Major toxicities that limit dosage and duration of IFN therapy are bone marrow suppression with granulocytopenia and thrombocytopenia; neuropsychiatric disturbance manifested by depression, anxiety, somnolence, confusion, behavioral disturbance, electroencephalographic changes, and, rarely, seizures; reversible neurasthenia with profound fatigue, anorexia, weight loss, and myalgia; thyroid dysfunction and autoimmune thyroiditis; and cardiotoxicity with hypotension, arrhythmias, and reversible cardiomyopathy. Psychiatric disturbance and depression are more common in patients with preexisting disorders but can also occur in otherwise healthy individuals. Elevations in hepatic enzymes and triglycerides and retinopathy are common.32 IFN may lead to the development of or exacerbate various immunologically mediated disorders, including sarcoidosis, systemic lupus erythematosus, psoriasis, vitiligo, lichen planus, and eczematoid skin lesions. Rare pulmonary manifestations include interstitial pneumonia, bronchiolitis obliterans, organizing pneumonia, asthma, and pleural effusion.33 Alopecia, proteinuria, renal insufficiency, interstitial nephritis, autoantibody formation, bacterial infections, and hepatotoxicity occur.34 Acute allergic reactions are rare. Patients with autoimmune chronic hepatitis, who may have false-positive enzyme immunoassay tests for anti-HCV antibodies, can experience worsening of their disease if treated with IFN.35
The adverse effects of peg-IFNs are similar to the adverse effects with conventional IFNs, although dose-related neutropenia and thrombocytopenia and injection site reactions are more common.

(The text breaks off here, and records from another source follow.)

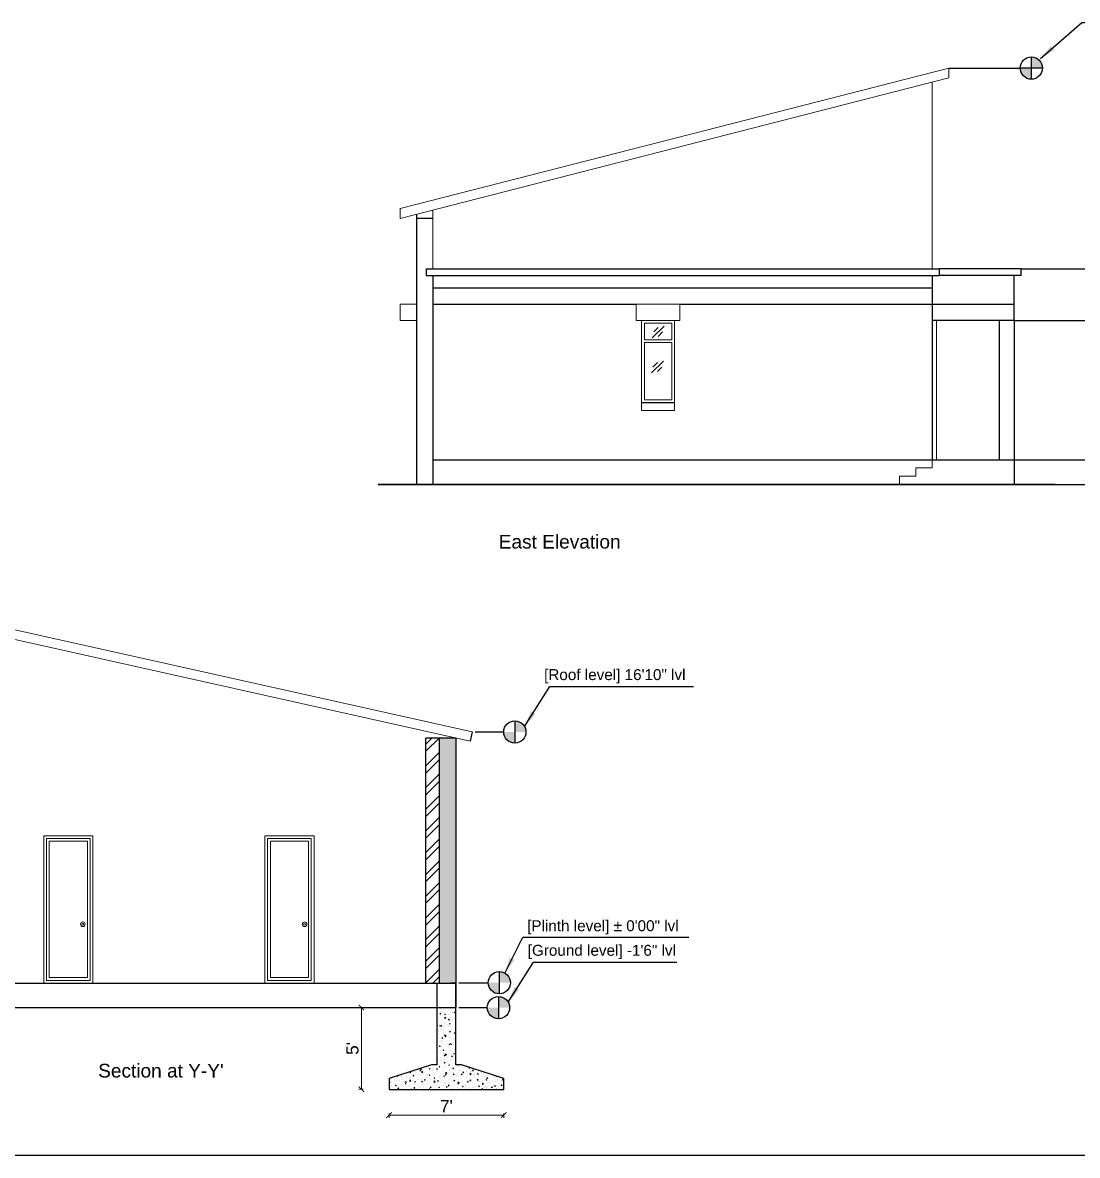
# Model space of a CAD drawing. Header units: inches. Extents: x -6800 to 96653, y -25814 to 17379.
# Drawn here: x 64289 to 65061, y 8930 to 9760 of the extents above; entities that cross this region are included whole.
import ezdxf

# ---------------------------------------------------------------- set-up
doc = ezdxf.new("R2010")
doc.units = ezdxf.units.IN
doc.header["$MEASUREMENT"] = 0
doc.header["$PDMODE"] = 34
doc.layers.add('0 @ 1', color=7, linetype='Continuous')
for name, color, linetype, lineweight in [('chajja elev', 4, 'Continuous', 20), ('Column', 101, 'Continuous', 30), ('dimension', 50, 'Continuous', 20), ('dimension @ 1', 50, 'Continuous', 20), ('Door ele', 20, 'Continuous', 15), ('ele back', 51, 'Continuous', 15), ('ele front', 30, 'Continuous', 30), ('Footing', 50, 'Continuous', 20), ('Ground level', 210, 'Continuous', 35), ('Hatch', 161, 'Continuous', 5), ('Opening elevation', 130, 'Continuous', 9), ('Stairs', 60, 'Continuous', 13), ('text', 31, 'Continuous', 13), ('Wall', 90, 'Continuous', 30), ('Win ele', 211, 'Continuous', 15)]:
    doc.layers.add(name, color=color, linetype=linetype, lineweight=lineweight)
doc.styles.get("Standard").update_dxf_attribs({"font": 'arial.ttf'})
doc.dimstyles.get("Standard").update_dxf_attribs({"dimtxt": 7, "dimasz": 4, "dimexe": 2, "dimexo": 2, "dimgap": 2, "dimtad": 1, "dimdec": 0, "dimzin": 0, "dimdsep": 46, "dimlunit": 4, "dimtxsty": 'Standard', "dimblk": 'ARCHTICK', "dimcen": 0.25, "dimclrd": 256, "dimclre": 256, "dimclrt": 256, "dimadec": 0, "dimazin": 0, "dimtfac": 1, "dimtdec": 0, "dimtofl": 0, "dimtmove": 0, "dimatfit": 3, "dimfxl": 1, "dimfxlon": 1, "dimtolj": 1, "dimtzin": 0, "dimlwd": -1, "dimlwe": -1, "dimarcsym": 1})

# ---------------------------------------------------------------- blocks, each defined once
blk = doc.blocks.new('_ArchTick')
at = {"color": 0, "linetype": 'ByBlock', "const_width": 0.15}
blk.add_lwpolyline([(-0.5, -0.5), (0.5, 0.5)], dxfattribs=at)
blk = doc.blocks.new('*D1837')
at = {"layer": 'Defpoints', "color": 0, "transparency": 16777216}
for p in [(64592.06, 9038.07), (64536.79, 8978.24), (64594.31, 8978.24)]:
    blk.add_point(p, dxfattribs=at)
at = {"layer": 'dimension', "transparency": 16777216}
for p, q in [((64538.04, 9038.07), (64534.79, 9038.07)), ((64536.79, 9038.07), (64536.79, 8978.24)), ((64538.04, 8978.24), (64534.79, 8978.24))]:
    blk.add_line(p, q, dxfattribs=at)
at = {"layer": 'dimension', "transparency": 16777216, "xscale": 4, "yscale": 4, "zscale": 4}
for p, rotation in [((64536.79, 9038.07), 90), ((64536.79, 8978.24), 270)]:
    blk.add_blockref('_ArchTick', p, dxfattribs=dict(at, rotation=rotation))
at = {"layer": 'dimension', "transparency": 16777216, "insert": (64530.22, 9008.16), "char_height": 9, "attachment_point": 5, "rotation": 90}
blk.add_mtext("\\A1;5'", dxfattribs=at)
blk = doc.blocks.new('*D1838')
at = {"layer": 'Defpoints', "color": 0, "transparency": 16777216}
for p in [(64557.06, 8978.07), (64641.06, 8978.07), (64641.06, 8959.3)]:
    blk.add_point(p, dxfattribs=at)
at = {"layer": 'dimension', "transparency": 16777216}
for p, q in [((64557.06, 8960.55), (64557.06, 8957.3)), ((64557.06, 8959.3), (64641.06, 8959.3)), ((64641.06, 8960.55), (64641.06, 8957.3))]:
    blk.add_line(p, q, dxfattribs=at)
at = {"layer": 'dimension', "transparency": 16777216, "xscale": 4, "yscale": 4, "zscale": 4, "rotation": 180}
blk.add_blockref('_ArchTick', (64557.06, 8959.3), dxfattribs=at)
at = {"layer": 'dimension', "transparency": 16777216, "xscale": 4, "yscale": 4, "zscale": 4}
blk.add_blockref('_ArchTick', (64641.06, 8959.3), dxfattribs=at)
at = {"layer": 'dimension', "transparency": 16777216, "insert": (64599.06, 8965.8), "char_height": 9, "attachment_point": 5}
blk.add_mtext("\\A1;7'", dxfattribs=at)

msp = doc.modelspace()

# ---------------------------------------------------------------- hatches: boundary and pattern name
at = {"ltscale": 10, "transparency": 33554687}
h = msp.add_hatch(color=0, dxfattribs=at)
h.dxf.hatch_style = 1
h.paths.add_polyline_path([(65027.67, 9734.67), (65027.67, 9726.5), (65035.84, 9726.5, 0.414214)])
h.paths.add_polyline_path([(65027.67, 9726.5), (65019.49, 9726.5, 0.414214), (65027.67, 9718.32)])
h = msp.add_hatch(color=0, dxfattribs=at)
h.dxf.hatch_style = 1
h.paths.add_polyline_path([(64649.21, 9248.25), (64649.21, 9240.07), (64657.39, 9240.07, 0.414214)])
h.paths.add_polyline_path([(64649.21, 9240.07), (64641.04, 9240.07, 0.414214), (64649.21, 9231.9)])
h = msp.add_hatch(color=0, dxfattribs=at)
h.dxf.hatch_style = 1
h.paths.add_polyline_path([(64646.02, 9056.32), (64637.84, 9056.32), (64637.84, 9064.5, -0.414214)])
h.paths.add_polyline_path([(64637.84, 9048.15, -0.414214), (64629.67, 9056.32), (64637.84, 9056.32)])
h = msp.add_hatch(color=0, dxfattribs=at)
h.dxf.hatch_style = 1
h.paths.add_polyline_path([(64637.21, 9046.25), (64637.21, 9038.07), (64645.39, 9038.07, 0.414214)])
h.paths.add_polyline_path([(64637.21, 9038.07), (64629.04, 9038.07, 0.414214), (64637.21, 9029.9)])
at = {"layer": 'Hatch', "lineweight": 25, "transparency": 33554687}
h = msp.add_hatch(dxfattribs=at)
h.set_pattern_fill('ANSI32', color=256, scale=30)
h.set_pattern_definition([(45, (55572.449, 8938.216), (-7.954951, 7.954951), []), (45, (55577.752, 8938.216), (-7.954951, 7.954951), [])])
h.paths.add_polyline_path([(64594.06, 9235.58), (64584.06, 9235.58), (64584.06, 9056.07), (64594.06, 9056.07)])
h.paths.add_polyline_path([(64238.06, 9248.07), (64228.06, 9248.07), (64228.06, 9196.07), (64238.06, 9196.07)])
h.paths.add_polyline_path([(64238.06, 9191.07), (64228.06, 9191.07), (64228.06, 9170.07), (64238.06, 9170.07)])
h.paths.add_polyline_path([(64228.06, 9191.07), (64168.06, 9191.07), (64168.06, 9170.07), (64228.06, 9170.07)])
at = {"layer": 'Hatch', "linetype": 'Continuous', "transparency": 33554579}
h = msp.add_hatch(dxfattribs=at)
h.set_pattern_fill('AR-CONC', color=256)
h.set_pattern_definition([(50, (53094.3783, 21625.147), (7.1726018, -0.6275213), [0.75, -8.25]), (355, (53094.378, 21625.147), (-1.3875133, 7.5219213), [0.6, -6.6]), (100.451444, (53094.976, 21625.095), (5.7850885, 6.8944), [0.637402, -7.011421]), (46.1842, (53094.378, 21627.147), (10.6724133, -1.655193), [1.125, -12.375]), (96.635635, (53095.268, 21627.009), (9.3466195, 9.741186), [0.9561034, -10.5171376]), (351.184164, (53094.378, 21627.147), (9.3466195, 9.741186), [0.9, -9.9]), (21, (53095.3783, 21626.647), (5.9690705, -4.026189), [0.75, -8.25]), (326, (53095.378, 21626.647), (2.4331533, 7.2515005), [0.6, -6.6]), (71.451445, (53095.876, 21626.312), (8.4022238, 3.2253115), [0.637402, -7.011421]), (37.5, (53094.3783, 21625.1473), (0.12159855, 3.32893854), [0, -6.52, 0, -6.7, 0, -6.625]), (7.5, (53094.3783, 21625.1473), (2.6306954, 3.9441171), [0, -3.82, 0, -6.37, 0, -2.525]), (327.5, (53092.1483, 21625.1473), (5.33822436, -0.2255487), [0, -2.5, 0, -7.8, 0, -10.35]), (317.5, (53091.1483, 21625.1473), (5.8318617, 1.0010498), [0, -3.25, 0, -5.18, 0, -7.35])])
h.paths.add_polyline_path([(64168.06, 9056.07), (64179.06, 9056.07), (64179.06, 9158.07), (64168.06, 9158.07)])
h.paths.add_polyline_path([(64594.06, 9056.07), (64606.06, 9056.07), (64606.06, 9235.58), (64594.06, 9235.58)])

# ---------------------------------------------------------------- linework, layer by layer
at = {"ltscale": 10, "transparency": 33554687}
for p, q in [((65027.67, 9734.67), (65027.67, 9718.32)), ((64967.13, 9726.5), (65019.49, 9726.5)), ((65035.84, 9726.5), (65019.49, 9726.5)), ((65020.13, 9579.5), (65072.49, 9579.5)), ((65015.13, 9541.5), (65067.49, 9541.5)), ((65015.13, 9439.5), (65067.49, 9439.5)), ((65045.13, 9421.5), (65097.49, 9421.5)), ((64649.21, 9248.25), (64649.21, 9231.9)), ((64620.06, 9240.07), (64641.04, 9240.07)), ((64637.84, 9064.5), (64637.84, 9048.15)), ((64602.05, 9056.32), (64606.06, 9056.32)), ((64608.06, 9056.32), (64629.67, 9056.32)), ((64601.42, 9038.07), (64606.06, 9038.07)), ((64608.06, 9038.07), (64629.04, 9038.07)), ((64637.21, 9046.25), (64637.21, 9029.9))]:
    msp.add_line(p, q, dxfattribs=at)
at = {"lineweight": 25, "transparency": 33554687}
msp.add_line((64618.06, 9240.07), (64616.54, 9233.24), dxfattribs=at)
at = {"transparency": 33554651}
msp.add_line((65875.65, 8929.85), (63499.65, 8929.85), dxfattribs=at)
at = {"ltscale": 10, "transparency": 33554687}
for centre in [(65027.67, 9726.5), (64649.21, 9240.07), (64637.84, 9056.32), (64637.21, 9038.07)]:
    msp.add_circle(centre, 8.17, dxfattribs=at)
at = {"layer": 'chajja elev', "transparency": 33554687}
for p, q in [((64565.13, 9553.5), (64565.13, 9541.5)), ((64565.13, 9553.5), (64577.13, 9553.5)), ((64770.13, 9553.5), (64738.13, 9553.5)), ((64738.13, 9541.5), (64738.13, 9553.5)), ((64770.13, 9541.5), (64770.13, 9553.5)), ((64565.13, 9541.5), (64577.13, 9541.5)), ((64770.13, 9541.5), (64738.13, 9541.5)), ((64766.13, 9481.5), (64742.13, 9481.5)), ((64742.13, 9481.5), (64742.13, 9475.5)), ((64766.13, 9481.5), (64766.13, 9475.5)), ((64742.13, 9475.5), (64766.13, 9475.5))]:
    msp.add_line(p, q, dxfattribs=at)
at = {"layer": 'Column', "transparency": 33554687}
for p, q in [((65004.13, 9541.5), (65004.13, 9439.5)), ((65015.13, 9541.5), (65015.13, 9439.5))]:
    msp.add_line(p, q, dxfattribs=at)
at = {"layer": 'Door ele', "transparency": 33554687}
for p, q in [((64304.06, 9164.07), (64340.06, 9164.07)), ((64304.06, 9056.07), (64304.06, 9164.07)), ((64340.06, 9164.07), (64340.06, 9056.07)), ((64466.06, 9164.07), (64502.06, 9164.07)), ((64466.06, 9056.07), (64466.06, 9164.07)), ((64502.06, 9164.07), (64502.06, 9056.07))]:
    msp.add_line(p, q, dxfattribs=at)
for points in [[(64306.06, 9162.07), (64338.06, 9162.07), (64338.06, 9058.07), (64306.06, 9058.07)], [(64308.06, 9160.07), (64336.06, 9160.07), (64336.06, 9060.07), (64308.06, 9060.07)], [(64468.06, 9162.07), (64500.06, 9162.07), (64500.06, 9058.07), (64468.06, 9058.07)], [(64470.06, 9160.07), (64498.06, 9160.07), (64498.06, 9060.07), (64470.06, 9060.07)]]:
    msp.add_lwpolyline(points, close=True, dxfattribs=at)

About 50% of peg-IFN–treated patients with chronic hepatitis C develop fatigue and systemic symptoms after injections; 20% to 30% experience depression or other psychiatric reactions; and approximately 10% to 16% discontinue treatment because of adverse events, most commonly psychiatric disorders.36,37 Peg-IFN-α2a may be associated with a lesser frequency of depression.37
The development of serum neutralizing antibodies to exogenous IFNs varies with the IFN type, dosage, and route of administration but may be more common with IFN-α2a.38 Neutralizing antibodies may be associated infrequently with loss of clinical responsiveness.27 Pegylation may reduce the immunogenicity of IFNs, and anti-PEG antibody seems to be rare.
IFNs may impair fertility and alter hormone levels in women. IFN is an abortifacient in monkeys at high dosages and has been used in small numbers of pregnant women, so safety during pregnancy is not established.39 It is classified as pregnancy category C.